Sent from my iPad using Tapatalk


----------



## blondie (Sep 19, 2018)

That is a lovley flower and wow that quick, from flask to flower a master then.


----------



## kiwi (Sep 20, 2018)

Thanks everyone. The NS is 15cm and DH is 4 cm


----------



## Justin (Sep 22, 2018)

Not bad! I got a flask too. Mine are still a few years from flowering.

Good growing.


----------



## e-spice (Sep 24, 2018)

A nice one. As others have said, good growing!

I don't consider it bad that the petals twist. Is that considered a negative when getting it judged or something?


----------



## consettbay2003 (Sep 24, 2018)

This must be a very vigorous plant . Unfortunately the flowers are at best 'average'. I obtained a division of 'Grand Masterpiece' at the WOC in Miami at the sam time as Sam Tsui and it was truly amazing.


----------



## kiwi (Sep 24, 2018)

Do you have a photo of Grand Masterpiece? What were it’s dimensions


----------



## emydura (Sep 24, 2018)

kiwi said:


> Do you have a photo of Grand Masterpiece? What were it’s dimensions



Photo here. I remember Sam saying at a meeting here, that Grand Masterpiece had 8 flowers on a spike and each flower was 24 cm across. 

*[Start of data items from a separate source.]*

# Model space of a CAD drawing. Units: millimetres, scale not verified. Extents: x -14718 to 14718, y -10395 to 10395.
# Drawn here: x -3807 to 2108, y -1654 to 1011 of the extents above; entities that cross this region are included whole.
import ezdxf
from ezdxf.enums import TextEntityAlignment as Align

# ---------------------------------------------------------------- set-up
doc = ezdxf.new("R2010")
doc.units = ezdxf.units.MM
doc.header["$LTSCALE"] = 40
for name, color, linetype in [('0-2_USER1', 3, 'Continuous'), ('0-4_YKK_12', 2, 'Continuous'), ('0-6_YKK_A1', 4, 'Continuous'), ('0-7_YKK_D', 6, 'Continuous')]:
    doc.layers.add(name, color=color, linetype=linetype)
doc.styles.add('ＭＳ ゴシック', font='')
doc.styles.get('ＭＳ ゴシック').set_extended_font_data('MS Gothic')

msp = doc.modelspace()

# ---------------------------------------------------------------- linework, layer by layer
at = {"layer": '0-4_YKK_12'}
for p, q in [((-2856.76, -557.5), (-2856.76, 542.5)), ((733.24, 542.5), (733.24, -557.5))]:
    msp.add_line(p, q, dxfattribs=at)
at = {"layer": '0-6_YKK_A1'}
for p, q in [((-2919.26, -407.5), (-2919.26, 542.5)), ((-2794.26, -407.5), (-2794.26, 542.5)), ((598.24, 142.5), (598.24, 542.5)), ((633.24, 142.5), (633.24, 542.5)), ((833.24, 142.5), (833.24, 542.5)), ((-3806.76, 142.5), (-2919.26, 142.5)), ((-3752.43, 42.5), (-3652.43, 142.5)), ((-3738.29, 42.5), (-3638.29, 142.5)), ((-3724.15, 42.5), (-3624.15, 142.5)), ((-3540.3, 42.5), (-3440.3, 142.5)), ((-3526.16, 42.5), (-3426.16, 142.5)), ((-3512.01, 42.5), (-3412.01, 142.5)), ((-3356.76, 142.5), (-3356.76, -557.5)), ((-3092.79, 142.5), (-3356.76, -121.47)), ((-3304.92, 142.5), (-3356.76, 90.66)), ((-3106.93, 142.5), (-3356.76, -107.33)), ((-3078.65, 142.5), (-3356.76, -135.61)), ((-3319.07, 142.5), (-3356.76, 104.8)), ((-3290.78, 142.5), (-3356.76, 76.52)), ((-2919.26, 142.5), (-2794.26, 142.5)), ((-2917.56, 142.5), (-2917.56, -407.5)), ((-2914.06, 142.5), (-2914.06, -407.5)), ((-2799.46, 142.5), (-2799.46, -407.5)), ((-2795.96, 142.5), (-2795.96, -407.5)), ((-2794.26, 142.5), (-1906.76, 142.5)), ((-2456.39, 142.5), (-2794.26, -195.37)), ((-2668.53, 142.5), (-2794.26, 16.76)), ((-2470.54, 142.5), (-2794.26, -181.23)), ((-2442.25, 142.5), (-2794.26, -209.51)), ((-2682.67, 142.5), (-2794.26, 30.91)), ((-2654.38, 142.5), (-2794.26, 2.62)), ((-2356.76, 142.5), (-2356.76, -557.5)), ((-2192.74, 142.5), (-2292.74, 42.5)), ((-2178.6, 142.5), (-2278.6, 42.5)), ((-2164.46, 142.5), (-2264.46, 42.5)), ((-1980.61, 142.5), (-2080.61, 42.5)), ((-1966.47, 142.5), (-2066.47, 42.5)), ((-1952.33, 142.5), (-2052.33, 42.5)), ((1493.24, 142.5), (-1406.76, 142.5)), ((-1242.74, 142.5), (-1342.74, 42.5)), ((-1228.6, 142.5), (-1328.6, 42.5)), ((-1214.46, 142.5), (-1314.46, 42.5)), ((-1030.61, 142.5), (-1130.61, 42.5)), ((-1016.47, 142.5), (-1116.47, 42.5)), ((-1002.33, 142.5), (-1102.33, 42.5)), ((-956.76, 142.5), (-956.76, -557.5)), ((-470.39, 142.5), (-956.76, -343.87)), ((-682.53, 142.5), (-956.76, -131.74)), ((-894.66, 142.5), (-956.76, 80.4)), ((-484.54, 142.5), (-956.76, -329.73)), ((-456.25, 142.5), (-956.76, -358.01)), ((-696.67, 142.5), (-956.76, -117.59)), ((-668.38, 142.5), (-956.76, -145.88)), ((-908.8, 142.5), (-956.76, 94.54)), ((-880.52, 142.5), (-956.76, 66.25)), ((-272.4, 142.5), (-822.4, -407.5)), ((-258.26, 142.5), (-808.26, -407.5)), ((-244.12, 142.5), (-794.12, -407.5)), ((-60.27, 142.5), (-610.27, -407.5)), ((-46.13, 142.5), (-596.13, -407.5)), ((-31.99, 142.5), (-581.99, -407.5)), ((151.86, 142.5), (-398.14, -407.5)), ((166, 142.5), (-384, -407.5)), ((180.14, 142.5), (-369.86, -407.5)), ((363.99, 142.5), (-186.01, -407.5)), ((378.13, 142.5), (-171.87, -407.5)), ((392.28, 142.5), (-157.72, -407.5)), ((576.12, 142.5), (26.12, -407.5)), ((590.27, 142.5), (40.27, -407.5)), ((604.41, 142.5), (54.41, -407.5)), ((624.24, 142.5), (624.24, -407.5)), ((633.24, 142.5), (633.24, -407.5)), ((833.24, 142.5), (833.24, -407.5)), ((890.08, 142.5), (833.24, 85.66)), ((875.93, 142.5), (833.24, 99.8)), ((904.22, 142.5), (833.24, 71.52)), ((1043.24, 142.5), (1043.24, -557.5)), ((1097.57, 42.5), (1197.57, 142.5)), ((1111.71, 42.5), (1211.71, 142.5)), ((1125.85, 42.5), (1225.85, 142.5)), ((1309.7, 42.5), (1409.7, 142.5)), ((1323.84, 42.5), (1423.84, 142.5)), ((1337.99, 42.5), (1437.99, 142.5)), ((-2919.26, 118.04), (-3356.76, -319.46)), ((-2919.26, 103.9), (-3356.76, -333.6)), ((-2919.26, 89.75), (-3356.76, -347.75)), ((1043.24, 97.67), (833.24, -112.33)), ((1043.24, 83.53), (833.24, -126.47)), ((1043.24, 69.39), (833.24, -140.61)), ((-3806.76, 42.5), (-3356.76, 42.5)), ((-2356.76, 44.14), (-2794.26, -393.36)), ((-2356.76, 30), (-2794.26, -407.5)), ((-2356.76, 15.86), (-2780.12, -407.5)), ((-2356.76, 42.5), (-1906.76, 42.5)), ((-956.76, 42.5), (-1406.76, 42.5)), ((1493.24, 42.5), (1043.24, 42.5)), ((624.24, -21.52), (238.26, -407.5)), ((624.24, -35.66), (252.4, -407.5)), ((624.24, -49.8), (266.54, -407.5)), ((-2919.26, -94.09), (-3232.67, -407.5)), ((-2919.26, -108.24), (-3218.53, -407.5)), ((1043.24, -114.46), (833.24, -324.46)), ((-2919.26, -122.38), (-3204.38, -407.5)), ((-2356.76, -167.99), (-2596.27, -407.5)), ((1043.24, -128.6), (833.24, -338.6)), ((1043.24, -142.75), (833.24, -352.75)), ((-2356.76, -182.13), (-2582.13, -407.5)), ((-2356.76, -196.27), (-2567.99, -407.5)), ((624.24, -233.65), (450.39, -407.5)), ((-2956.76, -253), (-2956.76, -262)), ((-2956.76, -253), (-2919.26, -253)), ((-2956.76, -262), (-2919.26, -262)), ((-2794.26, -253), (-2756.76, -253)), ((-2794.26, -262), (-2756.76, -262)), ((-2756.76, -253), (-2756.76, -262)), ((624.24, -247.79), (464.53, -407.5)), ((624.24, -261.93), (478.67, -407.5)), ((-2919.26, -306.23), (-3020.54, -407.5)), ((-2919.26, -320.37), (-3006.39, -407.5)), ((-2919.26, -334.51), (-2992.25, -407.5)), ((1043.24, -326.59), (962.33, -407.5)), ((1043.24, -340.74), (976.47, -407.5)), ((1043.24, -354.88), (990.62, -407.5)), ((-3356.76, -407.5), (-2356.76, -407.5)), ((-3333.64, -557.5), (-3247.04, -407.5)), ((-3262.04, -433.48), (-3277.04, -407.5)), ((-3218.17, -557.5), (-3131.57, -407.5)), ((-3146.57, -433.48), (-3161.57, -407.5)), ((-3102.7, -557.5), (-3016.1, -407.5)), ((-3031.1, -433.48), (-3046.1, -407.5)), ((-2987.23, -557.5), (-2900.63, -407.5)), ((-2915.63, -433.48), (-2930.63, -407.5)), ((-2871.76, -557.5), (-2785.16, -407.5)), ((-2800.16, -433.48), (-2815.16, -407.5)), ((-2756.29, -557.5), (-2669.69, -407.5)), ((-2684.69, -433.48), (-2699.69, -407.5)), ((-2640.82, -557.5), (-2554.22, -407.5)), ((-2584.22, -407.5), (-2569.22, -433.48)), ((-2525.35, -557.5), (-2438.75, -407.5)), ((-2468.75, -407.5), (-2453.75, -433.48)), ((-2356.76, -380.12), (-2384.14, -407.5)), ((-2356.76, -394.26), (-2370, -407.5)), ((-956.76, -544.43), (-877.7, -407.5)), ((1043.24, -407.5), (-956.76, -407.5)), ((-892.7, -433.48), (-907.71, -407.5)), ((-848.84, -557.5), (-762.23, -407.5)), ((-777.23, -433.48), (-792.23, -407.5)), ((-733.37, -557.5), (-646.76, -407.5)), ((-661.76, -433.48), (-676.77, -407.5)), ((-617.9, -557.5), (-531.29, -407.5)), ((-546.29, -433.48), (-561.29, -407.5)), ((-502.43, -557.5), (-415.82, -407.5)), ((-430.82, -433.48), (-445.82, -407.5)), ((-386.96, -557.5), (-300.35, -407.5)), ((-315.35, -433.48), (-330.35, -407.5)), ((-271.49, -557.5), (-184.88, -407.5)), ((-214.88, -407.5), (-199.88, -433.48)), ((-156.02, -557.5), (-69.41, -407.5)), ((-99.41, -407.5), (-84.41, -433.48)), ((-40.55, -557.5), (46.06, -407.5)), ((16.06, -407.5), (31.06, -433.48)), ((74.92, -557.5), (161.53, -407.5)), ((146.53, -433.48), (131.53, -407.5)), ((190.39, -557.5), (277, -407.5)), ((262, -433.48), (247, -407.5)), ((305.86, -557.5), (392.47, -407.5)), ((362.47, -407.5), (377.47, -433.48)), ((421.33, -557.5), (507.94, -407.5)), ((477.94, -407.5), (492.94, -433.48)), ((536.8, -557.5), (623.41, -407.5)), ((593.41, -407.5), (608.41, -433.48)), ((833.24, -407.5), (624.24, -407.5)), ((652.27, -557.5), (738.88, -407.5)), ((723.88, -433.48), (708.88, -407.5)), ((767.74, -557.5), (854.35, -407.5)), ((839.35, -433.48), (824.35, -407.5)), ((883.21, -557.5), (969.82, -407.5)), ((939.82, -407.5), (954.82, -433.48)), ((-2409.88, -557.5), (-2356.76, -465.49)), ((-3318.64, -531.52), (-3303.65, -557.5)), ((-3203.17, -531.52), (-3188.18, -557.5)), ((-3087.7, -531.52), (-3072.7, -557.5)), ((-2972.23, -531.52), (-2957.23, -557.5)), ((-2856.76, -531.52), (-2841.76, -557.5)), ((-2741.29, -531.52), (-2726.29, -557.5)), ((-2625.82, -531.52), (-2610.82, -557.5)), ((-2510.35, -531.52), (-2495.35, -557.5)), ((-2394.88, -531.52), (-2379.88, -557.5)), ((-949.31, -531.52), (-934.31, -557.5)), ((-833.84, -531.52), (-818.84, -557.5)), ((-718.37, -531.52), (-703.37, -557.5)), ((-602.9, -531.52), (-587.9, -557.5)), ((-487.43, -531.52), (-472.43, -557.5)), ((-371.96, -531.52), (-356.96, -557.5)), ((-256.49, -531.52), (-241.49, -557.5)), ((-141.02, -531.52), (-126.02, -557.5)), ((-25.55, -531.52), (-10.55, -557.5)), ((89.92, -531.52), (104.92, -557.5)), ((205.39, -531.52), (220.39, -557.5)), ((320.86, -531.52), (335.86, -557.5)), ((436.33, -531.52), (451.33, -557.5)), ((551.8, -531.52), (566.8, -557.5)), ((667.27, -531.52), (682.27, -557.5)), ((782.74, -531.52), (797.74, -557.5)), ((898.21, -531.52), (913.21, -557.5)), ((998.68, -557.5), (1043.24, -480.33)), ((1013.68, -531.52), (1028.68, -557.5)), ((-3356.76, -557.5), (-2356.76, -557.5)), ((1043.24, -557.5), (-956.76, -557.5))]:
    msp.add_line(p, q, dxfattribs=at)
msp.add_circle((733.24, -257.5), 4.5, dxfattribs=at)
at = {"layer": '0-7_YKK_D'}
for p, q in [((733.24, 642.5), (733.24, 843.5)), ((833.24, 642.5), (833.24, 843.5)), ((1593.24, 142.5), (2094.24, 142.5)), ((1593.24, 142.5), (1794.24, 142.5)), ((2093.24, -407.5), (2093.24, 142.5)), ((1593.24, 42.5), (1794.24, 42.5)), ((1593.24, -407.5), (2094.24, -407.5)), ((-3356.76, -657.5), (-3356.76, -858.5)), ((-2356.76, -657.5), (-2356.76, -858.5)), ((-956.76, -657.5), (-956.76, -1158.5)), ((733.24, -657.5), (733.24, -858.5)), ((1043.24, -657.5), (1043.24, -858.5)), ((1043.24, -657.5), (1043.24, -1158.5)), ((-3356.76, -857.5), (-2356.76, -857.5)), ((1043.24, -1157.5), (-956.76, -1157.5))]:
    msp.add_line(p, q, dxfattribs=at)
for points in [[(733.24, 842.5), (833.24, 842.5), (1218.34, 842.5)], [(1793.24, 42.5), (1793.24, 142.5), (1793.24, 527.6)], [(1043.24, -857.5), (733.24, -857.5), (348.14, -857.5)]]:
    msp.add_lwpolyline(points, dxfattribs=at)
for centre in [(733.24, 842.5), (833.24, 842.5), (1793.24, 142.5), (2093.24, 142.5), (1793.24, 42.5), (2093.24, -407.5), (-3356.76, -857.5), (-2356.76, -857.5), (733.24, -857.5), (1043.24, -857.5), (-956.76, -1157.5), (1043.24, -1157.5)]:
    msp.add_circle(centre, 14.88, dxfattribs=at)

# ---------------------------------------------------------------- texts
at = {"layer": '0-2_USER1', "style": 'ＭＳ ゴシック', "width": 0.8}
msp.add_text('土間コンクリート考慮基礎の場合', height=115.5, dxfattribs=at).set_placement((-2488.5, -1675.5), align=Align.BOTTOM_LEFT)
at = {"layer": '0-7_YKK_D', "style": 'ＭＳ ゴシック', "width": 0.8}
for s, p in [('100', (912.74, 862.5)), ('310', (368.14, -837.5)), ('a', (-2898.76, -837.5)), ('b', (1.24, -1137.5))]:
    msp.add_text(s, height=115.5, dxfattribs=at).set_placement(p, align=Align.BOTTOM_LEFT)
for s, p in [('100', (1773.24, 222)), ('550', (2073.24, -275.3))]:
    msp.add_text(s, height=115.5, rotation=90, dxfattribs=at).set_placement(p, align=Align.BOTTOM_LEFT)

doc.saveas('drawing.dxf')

http://www.orchidworks2.com/asp_scr...6928&GalleryID=163521&MediaID=3584943&Print=0


----------



## Ozpaph (Sep 24, 2018)

now that would be a sight to see!


----------



## kiwi (Sep 24, 2018)

Wow. I feel inadequate


----------



## Ozpaph (Sep 25, 2018)

like the rest of us.................


----------



## Justin (Sep 27, 2018)

Sam was selling a division a couple years ago. If I recall he was asking $8k.


----------



## emydura (Jan 25, 2019)

Justin said:


> Sam was selling a division a couple years ago. If I recall he was asking $8k.



I just stumbled on it -

_
PAS1170	Paph. lowii 'Grand Masterpiece' GM/WOC Miami	$7,000.00

Absolutely the best lowii you can find! Eight flowers per stem with flower over 24cm natural span. One old growth and two new growths division._


----------



## troy (Jan 25, 2019)

Maybe the flower count would be higher when the plant matures and bulks up, I'd keep it!! Very nice!!


----------